# Introduction
If we have some background in machine learning and we'd like to learn how to quickly improve the quality of our models. In this course, we will accelerate our machine learning expertise by learning how to :   
    - tackle data types often found in real-world datasets(missing values, categorical variables).  
    - design pipleine to improtve the quality of our machine learning code.  
    - use advanced techniques for model validation(CV)   
    - build state-of-the-art that are widely used to win Kaggle competiotns(XGBoost).  
    - Avoid common and important data science mistakes(leakage).  

# Submit your results

Once you have successfully completed Step 2, you're ready to submit your results to the leaderboard!  First, you'll need to join the competition if you haven't already.  So open a new window by clicking on [this link](https://www.kaggle.com/c/home-data-for-ml-course).  Then click on the **Join Competition** button.  _(If you see a "Submit Predictions" button instead of a "Join Competition" button, you have already joined the competition, and don't need to do so again.)_

Next, follow the instructions below:
1. Begin by clicking on the **Save Version** button in the top right corner of the window.  This will generate a pop-up window.  
2. Ensure that the **Save and Run All** option is selected, and then click on the **Save** button.
3. This generates a window in the bottom left corner of the notebook.  After it has finished running, click on the number to the right of the **Save Version** button.  This pulls up a list of versions on the right of the screen.  Click on the ellipsis **(...)** to the right of the most recent version, and select **Open in Viewer**.  This brings you into view mode of the same page. You will need to scroll down to get back to these instructions.
4. Click on the **Output** tab on the right of the screen.  Then, click on the file you would like to submit, and click on the **Submit** button to submit your results to the leaderboard.
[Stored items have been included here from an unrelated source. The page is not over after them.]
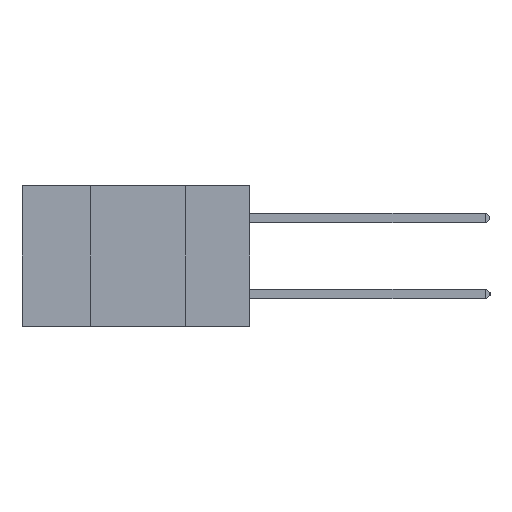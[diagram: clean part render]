
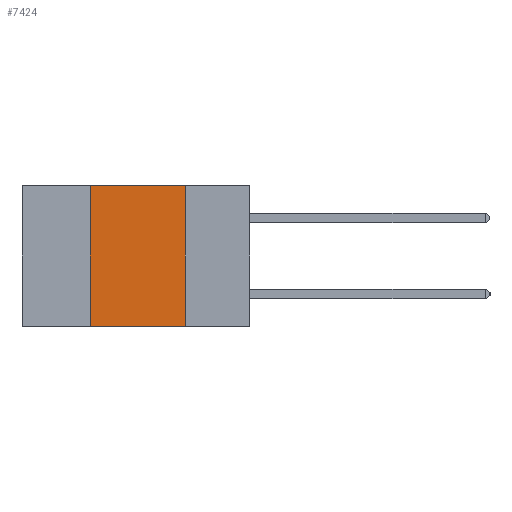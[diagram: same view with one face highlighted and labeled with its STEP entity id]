
A CAD part, left-side view. The second image highlights one B-rep face of the part: STEP entity #7424.
In plain terms, the highlighted planar face has unit normal (-1, 0, 0).
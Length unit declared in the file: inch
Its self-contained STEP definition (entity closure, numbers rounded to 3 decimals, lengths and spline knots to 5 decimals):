
#105 = VERTEX_POINT ( 'NONE', #15214 ) ;
#499 = DIRECTION ( 'NONE',  ( 0., -1., 0. ) ) ;
#668 = VECTOR ( 'NONE', #16012, 39.37008 ) ;
#992 = DIRECTION ( 'NONE',  ( 1., 0., 0. ) ) ;
#1584 = CARTESIAN_POINT ( 'NONE',  ( 0., 0.17, 0. ) ) ;
#2099 = EDGE_CURVE ( 'NONE', #11511, #105, #19187, .T. ) ;
#2206 = DIRECTION ( 'NONE',  ( 0., 0., 1. ) ) ;
#2363 = ORIENTED_EDGE ( 'NONE', *, *, #16788, .F. ) ;
#2817 = DIRECTION ( 'NONE',  ( 0., 0., -1. ) ) ;
#3678 = CARTESIAN_POINT ( 'NONE',  ( 0., 0.17, 0. ) ) ;
#4012 = LINE ( 'NONE', #7989, #12459 ) ;
#4417 = CARTESIAN_POINT ( 'NONE',  ( 0., 0.42, -0.37 ) ) ;
#5131 = EDGE_CURVE ( 'NONE', #12005, #15231, #17456, .T. ) ;
#5494 = CARTESIAN_POINT ( 'NONE',  ( 0., 0.6, -0.37 ) ) ;
#5541 = ORIENTED_EDGE ( 'NONE', *, *, #5131, .F. ) ;
#5588 = ORIENTED_EDGE ( 'NONE', *, *, #6763, .T. ) ;
#6587 = EDGE_LOOP ( 'NONE', ( #9187, #2363, #5541, #5588 ) ) ;
#6763 = EDGE_CURVE ( 'NONE', #12005, #105, #16677, .T. ) ;
#6978 = PLANE ( 'NONE',  #17176 ) ;
#7168 = FACE_OUTER_BOUND ( 'NONE', #6587, .T. ) ;
#7202 = VECTOR ( 'NONE', #2817, 39.37008 ) ;
#7424 = ADVANCED_FACE ( 'NONE', ( #7168 ), #6978, .F. ) ;
#7989 = CARTESIAN_POINT ( 'NONE',  ( 0., 0.6, 0. ) ) ;
#8482 = CARTESIAN_POINT ( 'NONE',  ( 0., 0.6, 0. ) ) ;
#9187 = ORIENTED_EDGE ( 'NONE', *, *, #2099, .F. ) ;
#11175 = CARTESIAN_POINT ( 'NONE',  ( 0., 0.42, 0. ) ) ;
#11492 = DIRECTION ( 'NONE',  ( 0., 0., -1. ) ) ;
#11511 = VERTEX_POINT ( 'NONE', #1584 ) ;
#12005 = VERTEX_POINT ( 'NONE', #4417 ) ;
#12459 = VECTOR ( 'NONE', #499, 39.37008 ) ;
#15067 = CARTESIAN_POINT ( 'NONE',  ( 0., 0.42, 0. ) ) ;
#15214 = CARTESIAN_POINT ( 'NONE',  ( 0., 0.17, -0.37 ) ) ;
#15231 = VERTEX_POINT ( 'NONE', #15067 ) ;
#16012 = DIRECTION ( 'NONE',  ( 0., -1., 0. ) ) ;
#16677 = LINE ( 'NONE', #5494, #668 ) ;
#16788 = EDGE_CURVE ( 'NONE', #15231, #11511, #4012, .T. ) ;
#17176 = AXIS2_PLACEMENT_3D ( 'NONE', #8482, #992, #11492 ) ;
#17456 = LINE ( 'NONE', #11175, #17915 ) ;
#17915 = VECTOR ( 'NONE', #2206, 39.37008 ) ;
#19187 = LINE ( 'NONE', #3678, #7202 ) ;

You have now successfully submitted to the competition!

If you want to keep working to improve your performance, select the **Edit** button in the top right of the screen. Then you can change your code and repeat the process. There's a lot of room to improve, and you will climb up the leaderboard as you work.


# Missing values
1. Three Approches  

    1) A simple options : Drop Columns with Missing Values  
    
    The simplest option is to drop columns with missing values. Unless most values in the dropped columns are missing, the model loses access to a lot of information with this approach.  
    As an extreme example, consider a dataset with 10,000 rows, where one important column is missing a single entry. This approach would rop the column entirely.
    
    2) A Better option : Imputation
    
    Imputation fills in the missing values with some number. For instance, we can fill in the mean value along each column. The imputed value won't be exactly right in most cases, but it usually leads to more accurate models than you would get from dropping the column entirely.
    
    3) An Extension to Imputation
    
    Imputation is the standard approach, and it usually works well. However, imputed values may be systematically above or below thier actual values. Or rows with missing values may be unique in some other way. In that case, your model would make better predictions by considering which values were originally missing. In this approach, we imputed the missing values, as before. And, additionally, for each column with missing entries in the original dataset, we add a new column that shows the location of the imputed entries. 

In [6]:
import pandas as pd
from sklearn.model_selection import train_test_split

# Load the data
data = pd.read_csv('../../KAGGLE/Kaggle_House_Price/train.csv')

# Select target
y = data.SalePrice

# To keep things simple, we'll use only numerical predictors
melb_predictors = data.drop(['SalePrice'], axis=1)
X = melb_predictors.select_dtypes(exclude=['object'])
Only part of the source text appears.